There is a great amount of literature available indicating that membranes are inhomogeneous, complex
fluids. For instance, observation of diffusion in cell membranes demonstrated confined motion of membrane
constituents and even subdiffusion. In order to circumvent the small dimensions of cells leading to weak
statistics when investigating the diffusion properties of single membrane components, a technique based on
optical microscopy employing Langmuir monolayers as membrane model systems has been developed in our lab.

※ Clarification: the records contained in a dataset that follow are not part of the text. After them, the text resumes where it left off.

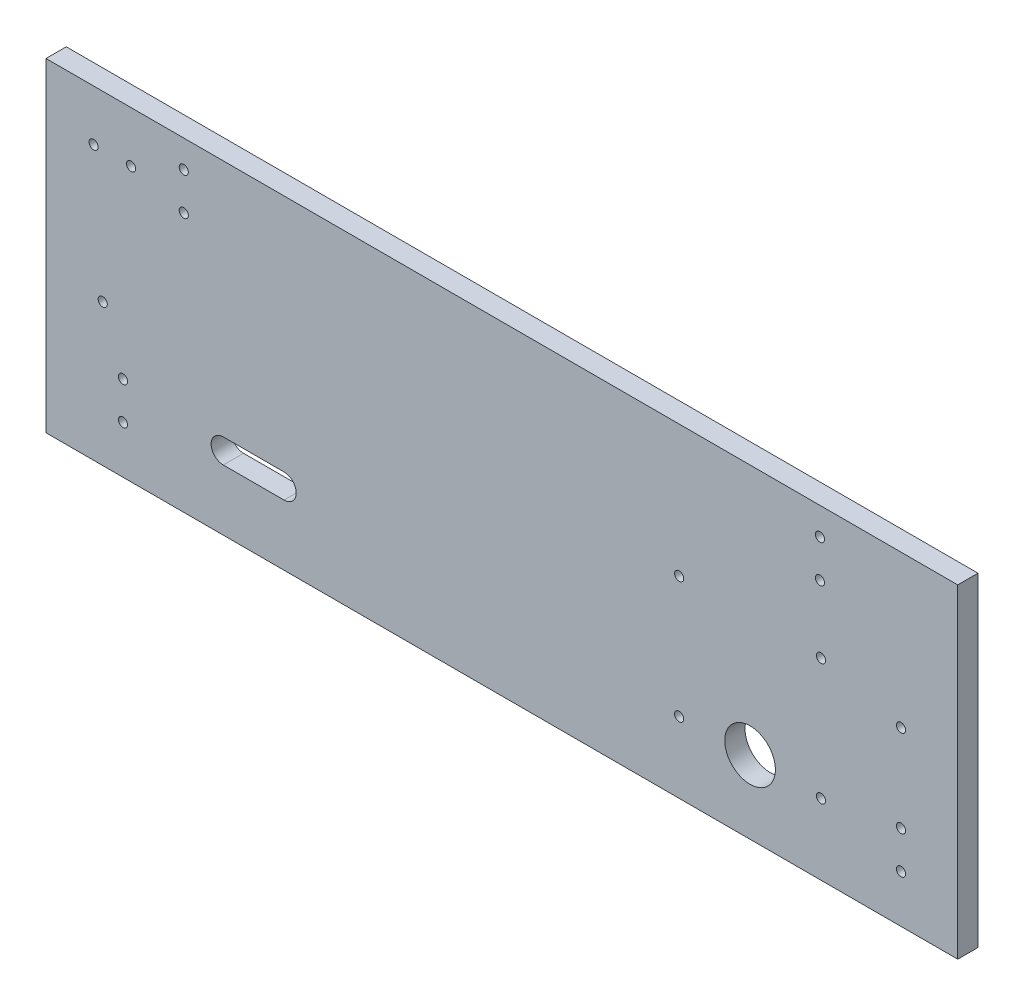
ISO-10303-21;
HEADER;
FILE_DESCRIPTION(('STEP AP214'),'2;1');
FILE_NAME('part.step','',(''),(''),'','','');
FILE_SCHEMA(('AUTOMOTIVE_DESIGN { 1 0 10303 214 1 1 1 1 }'));
ENDSEC;
DATA;
#1=APPLICATION_CONTEXT('core data for automotive mechanical design processes');
#2=APPLICATION_PROTOCOL_DEFINITION('international standard','automotive_design',2000,#1);
#3=PRODUCT_CONTEXT('',#1,'mechanical');
#4=PRODUCT('Part','Part','',(#3));
#5=PRODUCT_RELATED_PRODUCT_CATEGORY('part','',(#4));
#6=PRODUCT_DEFINITION_FORMATION('','',#4);
#7=PRODUCT_DEFINITION_CONTEXT('part definition',#1,'design');
#8=PRODUCT_DEFINITION('design','',#6,#7);
#9=PRODUCT_DEFINITION_SHAPE('','',#8);
#10=(LENGTH_UNIT() NAMED_UNIT(*) SI_UNIT(.MILLI.,.METRE.));
#11=(NAMED_UNIT(*) PLANE_ANGLE_UNIT() SI_UNIT($,.RADIAN.));
#12=(NAMED_UNIT(*) SI_UNIT($,.STERADIAN.) SOLID_ANGLE_UNIT());
#13=UNCERTAINTY_MEASURE_WITH_UNIT(LENGTH_MEASURE(1.E-05),#10,'distance_accuracy_value','');
#14=(GEOMETRIC_REPRESENTATION_CONTEXT(3) GLOBAL_UNCERTAINTY_ASSIGNED_CONTEXT((#13)) GLOBAL_UNIT_ASSIGNED_CONTEXT((#10,
#11,#12)) REPRESENTATION_CONTEXT('',''));
#15=CARTESIAN_POINT('',(0.,0.,0.));
#16=DIRECTION('',(0.,0.,1.));
#17=DIRECTION('',(1.,0.,0.));
#18=AXIS2_PLACEMENT_3D('',#15,#16,#17);
#19=CARTESIAN_POINT('',(0.,0.,10.));
#20=DIRECTION('',(1.,0.,0.));
#21=DIRECTION('',(0.,0.,-1.));
#22=AXIS2_PLACEMENT_3D('',#19,#20,#21);
#23=PLANE('',#22);
#24=DIRECTION('',(0.,-1.,0.));
#25=VECTOR('',#24,1.);
#26=CARTESIAN_POINT('',(0.,0.,0.));
#27=LINE('',#26,#25);
#28=CARTESIAN_POINT('',(0.,160.,0.));
#29=VERTEX_POINT('',#28);
#30=CARTESIAN_POINT('',(0.,0.,0.));
#31=VERTEX_POINT('',#30);
#32=EDGE_CURVE('E158',#29,#31,#27,.T.);
#33=ORIENTED_EDGE('',*,*,#32,.T.);
#34=DIRECTION('',(0.,0.,-1.));
#35=VECTOR('',#34,1.);
#36=CARTESIAN_POINT('',(0.,0.,10.));
#37=LINE('',#36,#35);
#38=CARTESIAN_POINT('',(0.,0.,10.));
#39=VERTEX_POINT('',#38);
#40=EDGE_CURVE('E11',#39,#31,#37,.T.);
#41=ORIENTED_EDGE('',*,*,#40,.F.);
#42=DIRECTION('',(0.,-1.,0.));
#43=VECTOR('',#42,1.);
#44=CARTESIAN_POINT('',(0.,0.,10.));
#45=LINE('',#44,#43);
#46=CARTESIAN_POINT('',(0.,160.,10.));
#47=VERTEX_POINT('',#46);
#48=EDGE_CURVE('E160',#47,#39,#45,.T.);
#49=ORIENTED_EDGE('',*,*,#48,.F.);
#50=DIRECTION('',(0.,0.,-1.));
#51=VECTOR('',#50,1.);
#52=CARTESIAN_POINT('',(0.,160.,10.));
#53=LINE('',#52,#51);
#54=EDGE_CURVE('E170',#47,#29,#53,.T.);
#55=ORIENTED_EDGE('',*,*,#54,.T.);
#56=EDGE_LOOP('',(#33,#41,#49,#55));
#57=FACE_BOUND('',#56,.T.);
#58=ADVANCED_FACE('F37',(#57),#23,.F.);
#59=CARTESIAN_POINT('',(0.,0.,10.));
#60=DIRECTION('',(0.,1.,0.));
#61=DIRECTION('',(0.,0.,1.));
#62=AXIS2_PLACEMENT_3D('',#59,#60,#61);
#63=PLANE('',#62);
#64=DIRECTION('',(1.,0.,0.));
#65=VECTOR('',#64,1.);
#66=CARTESIAN_POINT('',(0.,0.,0.));
#67=LINE('',#66,#65);
#68=CARTESIAN_POINT('',(450.,0.,0.));
#69=VERTEX_POINT('',#68);
#70=EDGE_CURVE('E173',#31,#69,#67,.T.);
#71=ORIENTED_EDGE('',*,*,#70,.T.);
#72=DIRECTION('',(0.,0.,-1.));
#73=VECTOR('',#72,1.);
#74=CARTESIAN_POINT('',(450.,0.,10.));
#75=LINE('',#74,#73);
#76=CARTESIAN_POINT('',(450.,0.,10.));
#77=VERTEX_POINT('',#76);
#78=EDGE_CURVE('E44',#77,#69,#75,.T.);
#79=ORIENTED_EDGE('',*,*,#78,.F.);
#80=DIRECTION('',(1.,0.,0.));
#81=VECTOR('',#80,1.);
#82=CARTESIAN_POINT('',(0.,0.,10.));
#83=LINE('',#82,#81);
#84=EDGE_CURVE('E163',#39,#77,#83,.T.);
#85=ORIENTED_EDGE('',*,*,#84,.F.);
#86=ORIENTED_EDGE('',*,*,#40,.T.);
#87=EDGE_LOOP('',(#71,#79,#85,#86));
#88=FACE_BOUND('',#87,.T.);
#89=ADVANCED_FACE('F202',(#88),#63,.F.);
#90=CARTESIAN_POINT('',(450.,0.,10.));
#91=DIRECTION('',(-1.,0.,0.));
#92=DIRECTION('',(0.,0.,1.));
#93=AXIS2_PLACEMENT_3D('',#90,#91,#92);
#94=PLANE('',#93);
#95=DIRECTION('',(0.,1.,0.));
#96=VECTOR('',#95,1.);
#97=CARTESIAN_POINT('',(450.,0.,0.));
#98=LINE('',#97,#96);
#99=CARTESIAN_POINT('',(450.,160.,0.));
#100=VERTEX_POINT('',#99);
#101=EDGE_CURVE('E175',#69,#100,#98,.T.);
#102=ORIENTED_EDGE('',*,*,#101,.T.);
#103=DIRECTION('',(0.,0.,-1.));
#104=VECTOR('',#103,1.);
#105=CARTESIAN_POINT('',(450.,160.,10.));
#106=LINE('',#105,#104);
#107=CARTESIAN_POINT('',(450.,160.,10.));
#108=VERTEX_POINT('',#107);
#109=EDGE_CURVE('E180',#108,#100,#106,.T.);
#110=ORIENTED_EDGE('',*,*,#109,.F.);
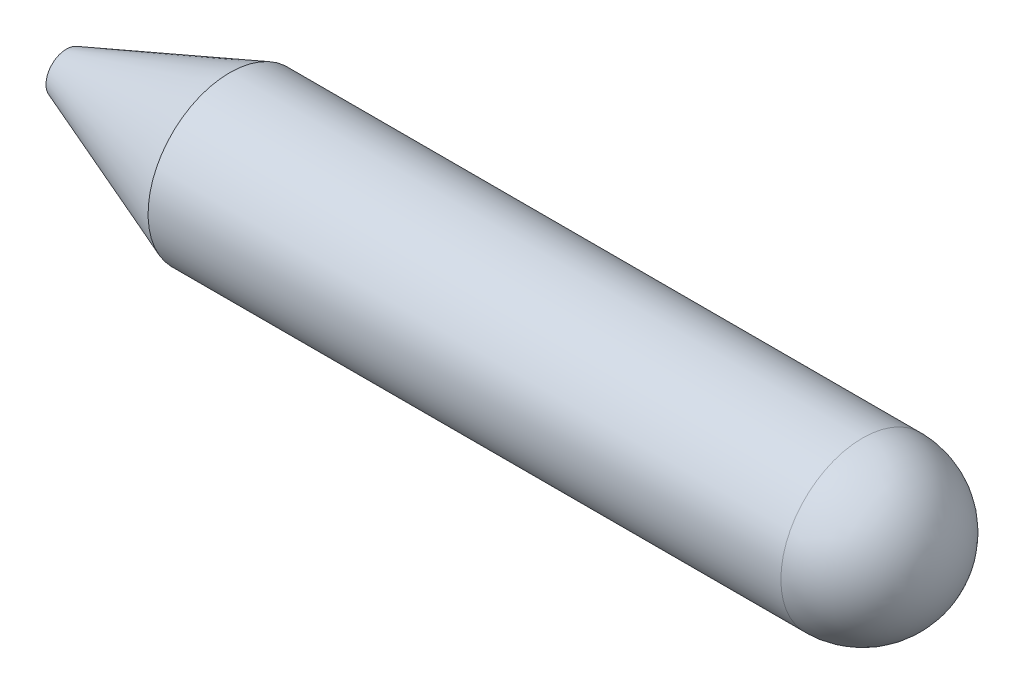
ISO-10303-21;
HEADER;
FILE_DESCRIPTION(('STEP AP214'),'2;1');
FILE_NAME('part.step','',(''),(''),'','','');
FILE_SCHEMA(('AUTOMOTIVE_DESIGN { 1 0 10303 214 1 1 1 1 }'));
ENDSEC;
DATA;
#1=APPLICATION_CONTEXT('core data for automotive mechanical design processes');
#2=APPLICATION_PROTOCOL_DEFINITION('international standard','automotive_design',2000,#1);
#3=PRODUCT_CONTEXT('',#1,'mechanical');
#4=PRODUCT('Part','Part','',(#3));
#5=PRODUCT_RELATED_PRODUCT_CATEGORY('part','',(#4));
#6=PRODUCT_DEFINITION_FORMATION('','',#4);
#7=PRODUCT_DEFINITION_CONTEXT('part definition',#1,'design');
#8=PRODUCT_DEFINITION('design','',#6,#7);
#9=PRODUCT_DEFINITION_SHAPE('','',#8);
#10=(LENGTH_UNIT() NAMED_UNIT(*) SI_UNIT(.MILLI.,.METRE.));
#11=(NAMED_UNIT(*) PLANE_ANGLE_UNIT() SI_UNIT($,.RADIAN.));
#12=(NAMED_UNIT(*) SI_UNIT($,.STERADIAN.) SOLID_ANGLE_UNIT());
#13=UNCERTAINTY_MEASURE_WITH_UNIT(LENGTH_MEASURE(1.E-05),#10,'distance_accuracy_value','');
#14=(GEOMETRIC_REPRESENTATION_CONTEXT(3) GLOBAL_UNCERTAINTY_ASSIGNED_CONTEXT((#13)) GLOBAL_UNIT_ASSIGNED_CONTEXT((#10,
#11,#12)) REPRESENTATION_CONTEXT('',''));
#15=CARTESIAN_POINT('',(0.,0.,0.));
#16=DIRECTION('',(0.,0.,1.));
#17=DIRECTION('',(1.,0.,0.));
#18=AXIS2_PLACEMENT_3D('',#15,#16,#17);
#19=CARTESIAN_POINT('',(-2.,0.,0.));
#20=DIRECTION('',(1.,0.,0.));
#21=DIRECTION('',(0.,-1.,0.));
#22=AXIS2_PLACEMENT_3D('',#19,#20,#21);
#23=SPHERICAL_SURFACE('',#22,2.);
#24=CARTESIAN_POINT('',(-2.,0.,0.));
#25=DIRECTION('',(1.,0.,0.));
#26=DIRECTION('',(0.,1.,0.));
#27=AXIS2_PLACEMENT_3D('',#24,#25,#26);
#28=CIRCLE('',#27,2.);
#29=CARTESIAN_POINT('',(-2.,2.,0.));
#30=VERTEX_POINT('',#29);
#31=EDGE_CURVE('E10',#30,#30,#28,.T.);
#32=ORIENTED_EDGE('',*,*,#31,.T.);
#33=EDGE_LOOP('',(#32));
#34=FACE_BOUND('',#33,.T.);
#35=ADVANCED_FACE('F38',(#34),#23,.T.);
#36=CARTESIAN_POINT('',(0.,0.,0.));
#37=DIRECTION('',(1.,0.,0.));
#38=DIRECTION('',(0.,1.,0.));
#39=AXIS2_PLACEMENT_3D('',#36,#37,#38);
#40=CYLINDRICAL_SURFACE('',#39,2.);
#41=CARTESIAN_POINT('',(-17.5,0.,0.));
#42=DIRECTION('',(1.,0.,0.));
#43=DIRECTION('',(0.,1.,0.));
#44=AXIS2_PLACEMENT_3D('',#41,#42,#43);
#45=CIRCLE('',#44,2.);
#46=CARTESIAN_POINT('',(-17.5,2.,0.));
#47=VERTEX_POINT('',#46);
#48=EDGE_CURVE('E44',#47,#47,#45,.T.);
#49=ORIENTED_EDGE('',*,*,#48,.T.);
#50=EDGE_LOOP('',(#49));
#51=FACE_BOUND('',#50,.T.);
#52=ORIENTED_EDGE('',*,*,#31,.F.);
#53=EDGE_LOOP('',(#52));
#54=FACE_BOUND('',#53,.T.);
#55=ADVANCED_FACE('F64',(#51,#54),#40,.T.);
#56=CARTESIAN_POINT('',(-17.5,0.,0.));
#57=DIRECTION('',(1.,0.,0.));
#58=DIRECTION('',(0.,1.,0.));
#59=AXIS2_PLACEMENT_3D('',#56,#57,#58);
#60=CONICAL_SURFACE('',#59,2.,0.358770670270573);
#61=CARTESIAN_POINT('',(-21.5,0.,0.));
#62=DIRECTION('',(1.,0.,0.));
#63=DIRECTION('',(0.,1.,0.));
#64=AXIS2_PLACEMENT_3D('',#61,#62,#63);
#65=CIRCLE('',#64,0.5);
#66=CARTESIAN_POINT('',(-21.5,0.499999999999997,0.));
#67=VERTEX_POINT('',#66);
#68=EDGE_CURVE('E48',#67,#67,#65,.T.);
#69=CARTESIAN_POINT('',(-21.5,0.499999999999997,0.));
#70=CARTESIAN_POINT('',(-21.4583333333333,0.515624999999996,0.));
#71=CARTESIAN_POINT('',(-21.4166666666667,0.531249999999996,0.));
#72=CARTESIAN_POINT('',(-21.3333333333333,0.562499999999997,0.));
#73=CARTESIAN_POINT('',(-21.2916666666667,0.578124999999997,0.));
#74=CARTESIAN_POINT('',(-21.2083333333333,0.609374999999997,0.));
#75=CARTESIAN_POINT('',(-21.1666666666667,0.624999999999997,0.));
#76=CARTESIAN_POINT('',(-21.0833333333333,0.656249999999997,0.));
#77=CARTESIAN_POINT('',(-21.0416666666667,0.671874999999997,0.));
#78=CARTESIAN_POINT('',(-20.9583333333333,0.703124999999997,0.));
#79=CARTESIAN_POINT('',(-20.9166666666667,0.718749999999997,0.));
#80=CARTESIAN_POINT('',(-20.8333333333333,0.749999999999997,0.));
#81=CARTESIAN_POINT('',(-20.7916666666667,0.765624999999997,0.));
#82=CARTESIAN_POINT('',(-20.7083333333333,0.796874999999997,0.));
#83=CARTESIAN_POINT('',(-20.6666666666667,0.812499999999997,0.));
#84=CARTESIAN_POINT('',(-20.5833333333333,0.843749999999997,0.));
#85=CARTESIAN_POINT('',(-20.5416666666667,0.859374999999997,0.));
#86=CARTESIAN_POINT('',(-20.4583333333333,0.890624999999997,0.));
#87=CARTESIAN_POINT('',(-20.4166666666667,0.906249999999997,0.));
#88=CARTESIAN_POINT('',(-20.3333333333333,0.937499999999997,0.));
#89=CARTESIAN_POINT('',(-20.2916666666667,0.953124999999997,0.));
#90=CARTESIAN_POINT('',(-20.2083333333333,0.984374999999997,0.));
#91=CARTESIAN_POINT('',(-20.1666666666667,0.999999999999997,0.));
#92=CARTESIAN_POINT('',(-20.0833333333333,1.03125,0.));
#93=CARTESIAN_POINT('',(-20.0416666666667,1.046875,0.));
#94=CARTESIAN_POINT('',(-19.9583333333333,1.078125,0.));
#95=CARTESIAN_POINT('',(-19.9166666666667,1.09375,0.));
#96=CARTESIAN_POINT('',(-19.8333333333333,1.125,0.));
#97=CARTESIAN_POINT('',(-19.7916666666667,1.140625,0.));
#98=CARTESIAN_POINT('',(-19.7083333333333,1.171875,0.));
#99=CARTESIAN_POINT('',(-19.6666666666667,1.1875,0.));
#100=CARTESIAN_POINT('',(-19.5833333333333,1.21875,0.));
#101=CARTESIAN_POINT('',(-19.5416666666667,1.234375,0.));
#102=CARTESIAN_POINT('',(-19.4583333333333,1.265625,0.));
#103=CARTESIAN_POINT('',(-19.4166666666667,1.28125,0.));
#104=CARTESIAN_POINT('',(-19.3333333333333,1.3125,0.));
#105=CARTESIAN_POINT('',(-19.2916666666667,1.328125,0.));
#106=CARTESIAN_POINT('',(-19.2083333333333,1.359375,0.));
#107=CARTESIAN_POINT('',(-19.1666666666667,1.375,0.));
#108=CARTESIAN_POINT('',(-19.0833333333333,1.40625,0.));
#109=CARTESIAN_POINT('',(-19.0416666666667,1.421875,0.));
#110=CARTESIAN_POINT('',(-18.9583333333333,1.453125,0.));
#111=CARTESIAN_POINT('',(-18.9166666666667,1.46875,0.));
#112=CARTESIAN_POINT('',(-18.8333333333333,1.5,0.));
#113=CARTESIAN_POINT('',(-18.7916666666667,1.515625,0.));
#114=CARTESIAN_POINT('',(-18.7083333333333,1.546875,0.));
#115=CARTESIAN_POINT('',(-18.6666666666667,1.5625,0.));
#116=CARTESIAN_POINT('',(-18.5833333333333,1.59375,0.));
#117=CARTESIAN_POINT('',(-18.5416666666667,1.609375,0.));
#118=CARTESIAN_POINT('',(-18.4583333333333,1.640625,0.));
#119=CARTESIAN_POINT('',(-18.4166666666667,1.65625,0.));
#120=CARTESIAN_POINT('',(-18.3333333333333,1.6875,0.));
#121=CARTESIAN_POINT('',(-18.2916666666667,1.703125,0.));
#122=CARTESIAN_POINT('',(-18.2083333333333,1.734375,0.));
#123=CARTESIAN_POINT('',(-18.1666666666667,1.75,0.));
#124=CARTESIAN_POINT('',(-18.0833333333333,1.78125,0.));
#125=CARTESIAN_POINT('',(-18.0416666666667,1.796875,0.));
#126=CARTESIAN_POINT('',(-17.9583333333333,1.828125,0.));
#127=CARTESIAN_POINT('',(-17.9166666666667,1.84375,0.));
#128=CARTESIAN_POINT('',(-17.8333333333333,1.875,0.));
#129=CARTESIAN_POINT('',(-17.7916666666667,1.890625,0.));
#130=CARTESIAN_POINT('',(-17.7083333333333,1.921875,0.));
#131=CARTESIAN_POINT('',(-17.6666666666667,1.9375,0.));
#132=CARTESIAN_POINT('',(-17.5833333333333,1.96875,0.));
#133=CARTESIAN_POINT('',(-17.5416666666667,1.984375,0.));
#134=CARTESIAN_POINT('',(-17.5,2.,0.));
#135=B_SPLINE_CURVE_WITH_KNOTS('',3,(#69,#70,#71,#72,#73,#74,#75,#76,#77,#78,#79,#80,#81,#82,
#83,#84,#85,#86,#87,#88,#89,#90,#91,#92,#93,#94,#95,#96,#97,#98,#99,#100,#101,#102,#103,#104,
#105,#106,#107,#108,#109,#110,#111,#112,#113,#114,#115,#116,#117,#118,#119,#120,#121,#122,#123,
#124,#125,#126,#127,#128,#129,#130,#131,#132,#133,#134),.UNSPECIFIED.,.F.,.F.,(4,2,2,2,2,2,2,2,
2,2,2,2,2,2,2,2,2,2,2,2,2,2,2,2,2,2,2,2,2,2,2,2,4),(0.,0.133500058520587,0.26700011704117,
0.400500175561756,0.534000234082343,0.667500292602929,0.801000351123516,0.934500409644103,
1.06800046816469,1.20150052668528,1.33500058520586,1.46850064372645,1.60200070224704,
1.73550076076762,1.86900081928821,2.00250087780879,2.13600093632938,2.26950099484997,
2.40300105337055,2.53650111189114,2.67000117041172,2.80350122893231,2.9370012874529,
3.07050134597348,3.20400140449407,3.33750146301466,3.47100152153524,3.60450158005583,
3.73800163857642,3.871501697097,4.00500175561759,4.13850181413818,4.27200187265876),.UNSPECIFIED.);
#136=EDGE_CURVE('BSEAM55',#67,#47,#135,.T.);
#137=ORIENTED_EDGE('',*,*,#68,.T.);
#138=ORIENTED_EDGE('',*,*,#48,.F.);
#139=ORIENTED_EDGE('',*,*,#136,.T.);
#140=ORIENTED_EDGE('',*,*,#136,.F.);
#141=EDGE_LOOP('',(#137,#139,#138,#140));
#142=FACE_BOUND('',#141,.T.);
#143=ADVANCED_FACE('F55',(#142),#60,.T.);
#144=CARTESIAN_POINT('',(-21.5,0.,0.));
#145=DIRECTION('',(-1.,0.,0.));
#146=DIRECTION('',(0.,-1.,0.));
#147=AXIS2_PLACEMENT_3D('',#144,#145,#146);
#148=PLANE('',#147);
#149=ORIENTED_EDGE('',*,*,#68,.F.);
#150=EDGE_LOOP('',(#149));
#151=FACE_BOUND('',#150,.T.);
#152=ADVANCED_FACE('F58',(#151),#148,.T.);
#153=CLOSED_SHELL('',(#35,#55,#143,#152));
#154=MANIFOLD_SOLID_BREP('B2',#153);
#155=ADVANCED_BREP_SHAPE_REPRESENTATION('',(#18,#154),#14);
#156=SHAPE_DEFINITION_REPRESENTATION(#9,#155);
ENDSEC;
END-ISO-10303-21;

In earlier work, the motion of labeled single lipids was visualized. These measurements with long observation
times, thus far only possible with this method, were combined with respective Monte-Carlo simulations. We
could conclude that noise can lead in general to the assumption of subdiffusion while interpreting the results of
single-particle-tracking (SPT) experiments within membranes in general. Since the packing density of lipids within
monolayers at the air/water interface can be changed easily, inhomogeneity with regard to the phase state can be
achieved by isothermal compression to coexistence regions. Surface charged polystyrene latexes were used as
model proteins diffusing in inhomogeneous monolayers as biomembrane mimics. Epifluorescence microscopy
coupled to SPT revealed that domain associated, dimensionally reduced diffusion can occur in these kinds of
model systems. This was caused by an attractive potential generated by condensed domains within monolayers.
Monte-Carlo simulations supported this view point. Moreover, long-time simulations show that diffusion
coefficients of respective particles were dependent on the strength of the attractive potential present: a behavior
reflecting altered dimensionality of diffusion. The widths of those potentials were also found to be affected by
the domain size of the more ordered lipid phase. In biological membrane systems, cells could utilize these
physical mechanisms to adjust diffusion properties of membrane components.